While Anita was unloading the duck, the lovebird, and the lovebird's cage, I spotted the young neighbor boy and his friend across the street trying to catch a small black cat. I had seen them trying to get the cat last night and just figured it belonged to the boy across the street. Wrong! They had the good sense to realize that the kitten (good sized, but still a kitten) was apt to get run over and wanted to catch it and get it somewhere safe. While their hearts were in the right place, their cat catching skills were lacking. I went and got a handful of dry cat food and slowly approached the kitten where it was hiding under a shrub. Sure enough, it came right up to eat, and I was able to easily pick it up. 

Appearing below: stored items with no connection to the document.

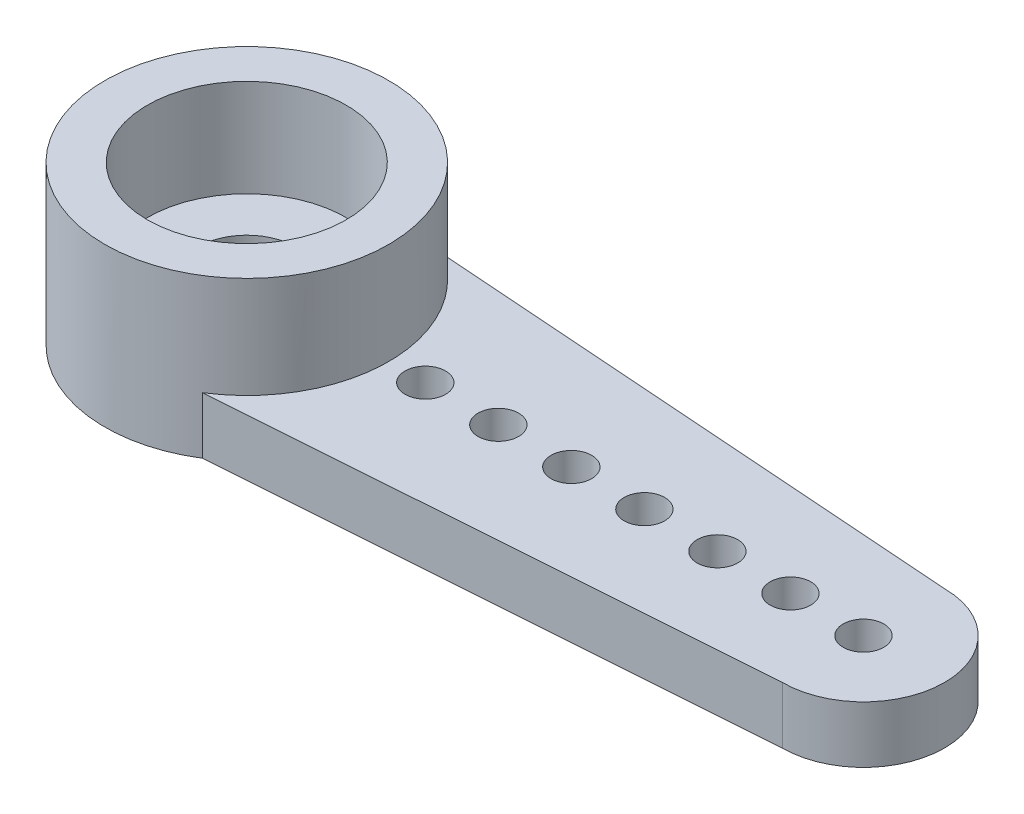
ISO-10303-21;
HEADER;
FILE_DESCRIPTION(('STEP AP214'),'2;1');
FILE_NAME('part.step','',(''),(''),'','','');
FILE_SCHEMA(('AUTOMOTIVE_DESIGN { 1 0 10303 214 1 1 1 1 }'));
ENDSEC;
DATA;
#1=APPLICATION_CONTEXT('core data for automotive mechanical design processes');
#2=APPLICATION_PROTOCOL_DEFINITION('international standard','automotive_design',2000,#1);
#3=PRODUCT_CONTEXT('',#1,'mechanical');
#4=PRODUCT('Part','Part','',(#3));
#5=PRODUCT_RELATED_PRODUCT_CATEGORY('part','',(#4));
#6=PRODUCT_DEFINITION_FORMATION('','',#4);
#7=PRODUCT_DEFINITION_CONTEXT('part definition',#1,'design');
#8=PRODUCT_DEFINITION('design','',#6,#7);
#9=PRODUCT_DEFINITION_SHAPE('','',#8);
#10=(LENGTH_UNIT() NAMED_UNIT(*) SI_UNIT(.MILLI.,.METRE.));
#11=(NAMED_UNIT(*) PLANE_ANGLE_UNIT() SI_UNIT($,.RADIAN.));
#12=(NAMED_UNIT(*) SI_UNIT($,.STERADIAN.) SOLID_ANGLE_UNIT());
#13=UNCERTAINTY_MEASURE_WITH_UNIT(LENGTH_MEASURE(1.E-05),#10,'distance_accuracy_value','');
#14=(GEOMETRIC_REPRESENTATION_CONTEXT(3) GLOBAL_UNCERTAINTY_ASSIGNED_CONTEXT((#13)) GLOBAL_UNIT_ASSIGNED_CONTEXT((#10,
#11,#12)) REPRESENTATION_CONTEXT('',''));
#15=CARTESIAN_POINT('',(0.,0.,0.));
#16=DIRECTION('',(0.,0.,1.));
#17=DIRECTION('',(1.,0.,0.));
#18=AXIS2_PLACEMENT_3D('',#15,#16,#17);
#19=CARTESIAN_POINT('',(-15.2,1.4,0.));
#20=DIRECTION('',(0.,1.,0.));
#21=DIRECTION('',(0.,0.,1.));
#22=AXIS2_PLACEMENT_3D('',#19,#20,#21);
#23=PLANE('',#22);
#24=CARTESIAN_POINT('',(6.2,1.4,0.));
#25=DIRECTION('',(0.,1.,0.));
#26=DIRECTION('',(0.,0.,1.));
#27=AXIS2_PLACEMENT_3D('',#24,#25,#26);
#28=CIRCLE('',#27,0.499999999999997);
#29=CARTESIAN_POINT('',(6.2,1.4,0.500000000000053));
#30=VERTEX_POINT('',#29);
#31=EDGE_CURVE('E130',#30,#30,#28,.T.);
#32=ORIENTED_EDGE('',*,*,#31,.F.);
#33=EDGE_LOOP('',(#32));
#34=FACE_BOUND('',#33,.T.);
#35=CARTESIAN_POINT('',(9.8,1.4,0.));
#36=DIRECTION('',(0.,1.,0.));
#37=DIRECTION('',(0.,0.,1.));
#38=AXIS2_PLACEMENT_3D('',#35,#36,#37);
#39=CIRCLE('',#38,0.499999999999997);
#40=CARTESIAN_POINT('',(9.8,1.4,0.500000000000028));
#41=VERTEX_POINT('',#40);
#42=EDGE_CURVE('E142',#41,#41,#39,.T.);
#43=ORIENTED_EDGE('',*,*,#42,.F.);
#44=EDGE_LOOP('',(#43));
#45=FACE_BOUND('',#44,.T.);
#46=CARTESIAN_POINT('',(13.4,1.4,0.));
#47=DIRECTION('',(0.,1.,0.));
#48=DIRECTION('',(0.,0.,1.));
#49=AXIS2_PLACEMENT_3D('',#46,#47,#48);
#50=CIRCLE('',#49,0.499999999999997);
#51=CARTESIAN_POINT('',(13.4,1.4,0.500000000000003));
#52=VERTEX_POINT('',#51);
#53=EDGE_CURVE('E154',#52,#52,#50,.T.);
#54=ORIENTED_EDGE('',*,*,#53,.F.);
#55=EDGE_LOOP('',(#54));
#56=FACE_BOUND('',#55,.T.);
#57=CARTESIAN_POINT('',(15.2,1.4,0.));
#58=DIRECTION('',(0.,1.,0.));
#59=DIRECTION('',(0.,0.,1.));
#60=AXIS2_PLACEMENT_3D('',#57,#58,#59);
#61=CIRCLE('',#60,0.499999999999997);
#62=CARTESIAN_POINT('',(15.2,1.4,0.49999999999999));
#63=VERTEX_POINT('',#62);
#64=EDGE_CURVE('E160',#63,#63,#61,.T.);
#65=ORIENTED_EDGE('',*,*,#64,.F.);
#66=EDGE_LOOP('',(#65));
#67=FACE_BOUND('',#66,.T.);
#68=CARTESIAN_POINT('',(11.6,1.4,0.));
#69=DIRECTION('',(0.,1.,0.));
#70=DIRECTION('',(0.,0.,1.));
#71=AXIS2_PLACEMENT_3D('',#68,#69,#70);
#72=CIRCLE('',#71,0.499999999999999);
#73=CARTESIAN_POINT('',(11.6,1.4,0.500000000000017));
#74=VERTEX_POINT('',#73);
#75=EDGE_CURVE('E148',#74,#74,#72,.T.);
#76=ORIENTED_EDGE('',*,*,#75,.F.);
#77=EDGE_LOOP('',(#76));
#78=FACE_BOUND('',#77,.T.);
#79=CARTESIAN_POINT('',(8.,1.4,0.));
#80=DIRECTION('',(0.,1.,0.));
#81=DIRECTION('',(0.,0.,1.));
#82=AXIS2_PLACEMENT_3D('',#79,#80,#81);
#83=CIRCLE('',#82,0.499999999999997);
#84=CARTESIAN_POINT('',(8.,1.4,0.500000000000041));
#85=VERTEX_POINT('',#84);
#86=EDGE_CURVE('E136',#85,#85,#83,.T.);
#87=ORIENTED_EDGE('',*,*,#86,.F.);
#88=EDGE_LOOP('',(#87));
#89=FACE_BOUND('',#88,.T.);
#90=CARTESIAN_POINT('',(4.4,1.4,0.));
#91=DIRECTION('',(0.,1.,0.));
#92=DIRECTION('',(0.,0.,1.));
#93=AXIS2_PLACEMENT_3D('',#90,#91,#92);
#94=CIRCLE('',#93,0.499999999999997);
#95=CARTESIAN_POINT('',(4.4,1.4,0.500000000000066));
#96=VERTEX_POINT('',#95);
#97=EDGE_CURVE('E124',#96,#96,#94,.T.);
#98=ORIENTED_EDGE('',*,*,#97,.F.);
#99=EDGE_LOOP('',(#98));
#100=FACE_BOUND('',#99,.T.);
#101=CARTESIAN_POINT('',(0.,1.4,0.));
#102=DIRECTION('',(0.,1.,0.));
#103=DIRECTION('',(0.,0.,1.));
#104=AXIS2_PLACEMENT_3D('',#101,#102,#103);
#105=CIRCLE('',#104,3.5);
#106=CARTESIAN_POINT('',(1.86858471289894,1.4,2.95945791838985));
#107=VERTEX_POINT('',#106);
#108=CARTESIAN_POINT('',(1.86858471289894,1.4,-2.95945791838985));
#109=VERTEX_POINT('',#108);
#110=EDGE_CURVE('E90',#107,#109,#105,.T.);
#111=ORIENTED_EDGE('',*,*,#110,.F.);
#112=DIRECTION('',(0.997420198870011,0.,-0.0717840294641297));
#113=VECTOR('',#112,1.);
#114=CARTESIAN_POINT('',(-14.9001527327747,1.4,4.16629887091939));
#115=LINE('',#114,#113);
#116=CARTESIAN_POINT('',(15.2,1.4,2.));
#117=VERTEX_POINT('',#116);
#118=EDGE_CURVE('E104',#107,#117,#115,.T.);
#119=ORIENTED_EDGE('',*,*,#118,.T.);
#120=CARTESIAN_POINT('',(15.2,1.4,0.));
#121=DIRECTION('',(0.,1.,0.));
#122=DIRECTION('',(0.,0.,-1.));
#123=AXIS2_PLACEMENT_3D('',#120,#121,#122);
#124=CIRCLE('',#123,2.);
#125=CARTESIAN_POINT('',(15.2,1.4,-2.));
#126=VERTEX_POINT('',#125);
#127=EDGE_CURVE('E166',#117,#126,#124,.T.);
#128=ORIENTED_EDGE('',*,*,#127,.T.);
#129=DIRECTION('',(-0.997420198870011,0.,-0.0717840294641295));
#130=VECTOR('',#129,1.);
#131=CARTESIAN_POINT('',(-14.9001527327747,1.4,-4.16629887091939));
#132=LINE('',#131,#130);
#133=EDGE_CURVE('E101',#126,#109,#132,.T.);
#134=ORIENTED_EDGE('',*,*,#133,.T.);
#135=EDGE_LOOP('',(#111,#119,#128,#134));
#136=FACE_BOUND('',#135,.T.);
#137=ADVANCED_FACE('F37',(#34,#45,#56,#67,#78,#89,#100,#136),#23,.T.);
#138=CARTESIAN_POINT('',(-15.2,0.,0.));
#139=DIRECTION('',(0.,1.,0.));
#140=DIRECTION('',(0.,0.,1.));
#141=AXIS2_PLACEMENT_3D('',#138,#139,#140);
#142=PLANE('',#141);
#143=CARTESIAN_POINT('',(0.,0.,0.));
#144=DIRECTION('',(0.,-1.,0.));
#145=DIRECTION('',(0.,0.,-1.));
#146=AXIS2_PLACEMENT_3D('',#143,#144,#145);
#147=CIRCLE('',#146,2.35);
#148=CARTESIAN_POINT('',(0.,0.,-2.35));
#149=VERTEX_POINT('',#148);
#150=EDGE_CURVE('E116',#149,#149,#147,.T.);
#151=ORIENTED_EDGE('',*,*,#150,.F.);
#152=EDGE_LOOP('',(#151));
#153=FACE_BOUND('',#152,.T.);
#154=CARTESIAN_POINT('',(15.2,0.,0.));
#155=DIRECTION('',(0.,1.,0.));
#156=DIRECTION('',(0.,0.,1.));
#157=AXIS2_PLACEMENT_3D('',#154,#155,#156);
#158=CIRCLE('',#157,0.499999999999997);
#159=CARTESIAN_POINT('',(15.2,0.,0.49999999999999));
#160=VERTEX_POINT('',#159);
#161=EDGE_CURVE('E157',#160,#160,#158,.T.);
#162=ORIENTED_EDGE('',*,*,#161,.T.);
#163=EDGE_LOOP('',(#162));
#164=FACE_BOUND('',#163,.T.);
#165=CARTESIAN_POINT('',(13.4,0.,0.));
#166=DIRECTION('',(0.,1.,0.));
#167=DIRECTION('',(0.,0.,1.));
#168=AXIS2_PLACEMENT_3D('',#165,#166,#167);
#169=CIRCLE('',#168,0.499999999999997);
#170=CARTESIAN_POINT('',(13.4,0.,0.500000000000003));
#171=VERTEX_POINT('',#170);
#172=EDGE_CURVE('E151',#171,#171,#169,.T.);
#173=ORIENTED_EDGE('',*,*,#172,.T.);
#174=EDGE_LOOP('',(#173));
#175=FACE_BOUND('',#174,.T.);
#176=CARTESIAN_POINT('',(11.6,0.,0.));
#177=DIRECTION('',(0.,1.,0.));
#178=DIRECTION('',(0.,0.,1.));
#179=AXIS2_PLACEMENT_3D('',#176,#177,#178);
#180=CIRCLE('',#179,0.499999999999999);
#181=CARTESIAN_POINT('',(11.6,0.,0.500000000000017));
#182=VERTEX_POINT('',#181);
#183=EDGE_CURVE('E145',#182,#182,#180,.T.);
#184=ORIENTED_EDGE('',*,*,#183,.T.);
#185=EDGE_LOOP('',(#184));
#186=FACE_BOUND('',#185,.T.);
#187=CARTESIAN_POINT('',(9.8,0.,0.));
#188=DIRECTION('',(0.,1.,0.));
#189=DIRECTION('',(0.,0.,1.));
#190=AXIS2_PLACEMENT_3D('',#187,#188,#189);
#191=CIRCLE('',#190,0.499999999999997);
#192=CARTESIAN_POINT('',(9.8,0.,0.500000000000028));
#193=VERTEX_POINT('',#192);
#194=EDGE_CURVE('E139',#193,#193,#191,.T.);
#195=ORIENTED_EDGE('',*,*,#194,.T.);
#196=EDGE_LOOP('',(#195));
#197=FACE_BOUND('',#196,.T.);
#198=CARTESIAN_POINT('',(8.,0.,0.));
#199=DIRECTION('',(0.,1.,0.));
#200=DIRECTION('',(0.,0.,1.));
#201=AXIS2_PLACEMENT_3D('',#198,#199,#200);
#202=CIRCLE('',#201,0.499999999999997);
#203=CARTESIAN_POINT('',(8.,0.,0.500000000000041));
#204=VERTEX_POINT('',#203);
#205=EDGE_CURVE('E133',#204,#204,#202,.T.);
#206=ORIENTED_EDGE('',*,*,#205,.T.);
#207=EDGE_LOOP('',(#206));
#208=FACE_BOUND('',#207,.T.);
#209=CARTESIAN_POINT('',(6.2,0.,0.));
#210=DIRECTION('',(0.,1.,0.));
#211=DIRECTION('',(0.,0.,1.));
#212=AXIS2_PLACEMENT_3D('',#209,#210,#211);
#213=CIRCLE('',#212,0.499999999999997);
#214=CARTESIAN_POINT('',(6.2,0.,0.500000000000053));
#215=VERTEX_POINT('',#214);
#216=EDGE_CURVE('E127',#215,#215,#213,.T.);
#217=ORIENTED_EDGE('',*,*,#216,.T.);
#218=EDGE_LOOP('',(#217));
#219=FACE_BOUND('',#218,.T.);
#220=CARTESIAN_POINT('',(4.4,0.,0.));
#221=DIRECTION('',(0.,1.,0.));
#222=DIRECTION('',(0.,0.,1.));
#223=AXIS2_PLACEMENT_3D('',#220,#221,#222);
#224=CIRCLE('',#223,0.499999999999997);
#225=CARTESIAN_POINT('',(4.4,0.,0.500000000000066));
#226=VERTEX_POINT('',#225);
#227=EDGE_CURVE('E121',#226,#226,#224,.T.);
#228=ORIENTED_EDGE('',*,*,#227,.T.);
#229=EDGE_LOOP('',(#228));
#230=FACE_BOUND('',#229,.T.);
#231=CARTESIAN_POINT('',(0.,0.,0.));
#232=DIRECTION('',(0.,-1.,0.));
#233=DIRECTION('',(0.,0.,-1.));
#234=AXIS2_PLACEMENT_3D('',#231,#232,#233);
#235=CIRCLE('',#234,3.5);
#236=CARTESIAN_POINT('',(1.86858471289894,0.,2.95945791838985));
#237=VERTEX_POINT('',#236);
#238=CARTESIAN_POINT('',(1.86858471289894,0.,-2.95945791838985));
#239=VERTEX_POINT('',#238);
#240=EDGE_CURVE('E75',#237,#239,#235,.T.);
#241=ORIENTED_EDGE('',*,*,#240,.T.);
#242=DIRECTION('',(0.997420198870011,0.,0.0717840294641295));
#243=VECTOR('',#242,1.);
#244=CARTESIAN_POINT('',(1.86858471289894,0.,-2.95945791838985));
#245=LINE('',#244,#243);
#246=CARTESIAN_POINT('',(15.2,0.,-2.));
#247=VERTEX_POINT('',#246);
#248=EDGE_CURVE('E80',#239,#247,#245,.T.);
#249=ORIENTED_EDGE('',*,*,#248,.T.);
#250=CARTESIAN_POINT('',(15.2,0.,0.));
#251=DIRECTION('',(0.,1.,0.));
#252=DIRECTION('',(0.,0.,-1.));
#253=AXIS2_PLACEMENT_3D('',#250,#251,#252);
#254=CIRCLE('',#253,2.);
#255=CARTESIAN_POINT('',(15.2,0.,1.99999999999999));
#256=VERTEX_POINT('',#255);
#257=EDGE_CURVE('E163',#256,#247,#254,.T.);
#258=ORIENTED_EDGE('',*,*,#257,.F.);
#259=DIRECTION('',(-0.997420198870011,0.,0.0717840294641296));
#260=VECTOR('',#259,1.);
#261=CARTESIAN_POINT('',(15.2,0.,2.));
#262=LINE('',#261,#260);
#263=EDGE_CURVE('E52',#256,#237,#262,.T.);
#264=ORIENTED_EDGE('',*,*,#263,.T.);
#265=EDGE_LOOP('',(#241,#249,#258,#264));
#266=FACE_BOUND('',#265,.T.);
#267=ADVANCED_FACE('F77',(#153,#164,#175,#186,#197,#208,#219,#230,#266),#142,.F.);
#268=CARTESIAN_POINT('',(15.2,1.4,0.));
#269=DIRECTION('',(0.,-1.,0.));
#270=DIRECTION('',(0.,0.,-1.));
#271=AXIS2_PLACEMENT_3D('',#268,#269,#270);
#272=CYLINDRICAL_SURFACE('',#271,2.);
#273=ORIENTED_EDGE('',*,*,#257,.T.);
#274=DIRECTION('',(0.,-1.,0.));
#275=VECTOR('',#274,1.);
#276=CARTESIAN_POINT('',(15.2,1.4,-2.00000000000001));
#277=LINE('',#276,#275);
#278=EDGE_CURVE('E97',#126,#247,#277,.T.);
#279=ORIENTED_EDGE('',*,*,#278,.F.);
#280=ORIENTED_EDGE('',*,*,#127,.F.);
#281=DIRECTION('',(0.,-1.,0.));
#282=VECTOR('',#281,1.);
#283=CARTESIAN_POINT('',(15.2,1.4,1.99999999999999));
#284=LINE('',#283,#282);
#285=EDGE_CURVE('E45',#117,#256,#284,.T.);
#286=ORIENTED_EDGE('',*,*,#285,.T.);
#287=EDGE_LOOP('',(#273,#279,#280,#286));
#288=FACE_BOUND('',#287,.T.);
#289=ADVANCED_FACE('F39',(#288),#272,.T.);
#290=CARTESIAN_POINT('',(15.2,1.4,0.));
#291=DIRECTION('',(0.,-1.,0.));
#292=DIRECTION('',(0.,0.,-1.));
#293=AXIS2_PLACEMENT_3D('',#290,#291,#292);
#294=CYLINDRICAL_SURFACE('',#293,0.499999999999997);
#295=ORIENTED_EDGE('',*,*,#64,.T.);
#296=EDGE_LOOP('',(#295));
#297=FACE_BOUND('',#296,.T.);
#298=ORIENTED_EDGE('',*,*,#161,.F.);
#299=EDGE_LOOP('',(#298));
#300=FACE_BOUND('',#299,.T.);
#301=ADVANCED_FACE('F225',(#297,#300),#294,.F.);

Not really being in the market for a new cat and certainly not a kitten when all the others here are so very old, I called a couple of my cat rescue friends to see if they could take in Midnight (yes, already named by my husband .. not too creative .. but .. it works). Well, they kind of hemmed and hawed, so I took the plunge and now have a new cat. Midnight has a bit of a respiratory problem, so we are treating for that and will be getting her spayed in the next week or so. 

Then came a nice young man named Vincent from Long Beach with two gorgeous white pigeons. Though they are large, they are barely past the squeaker stage. One flew onto his balcony last weekend and made it clear that it needed food, water, and a safe haven. Vincent took that one in and then had the second one show up a couple of days later. What a nice young fellow for assisting both of these pigeons. 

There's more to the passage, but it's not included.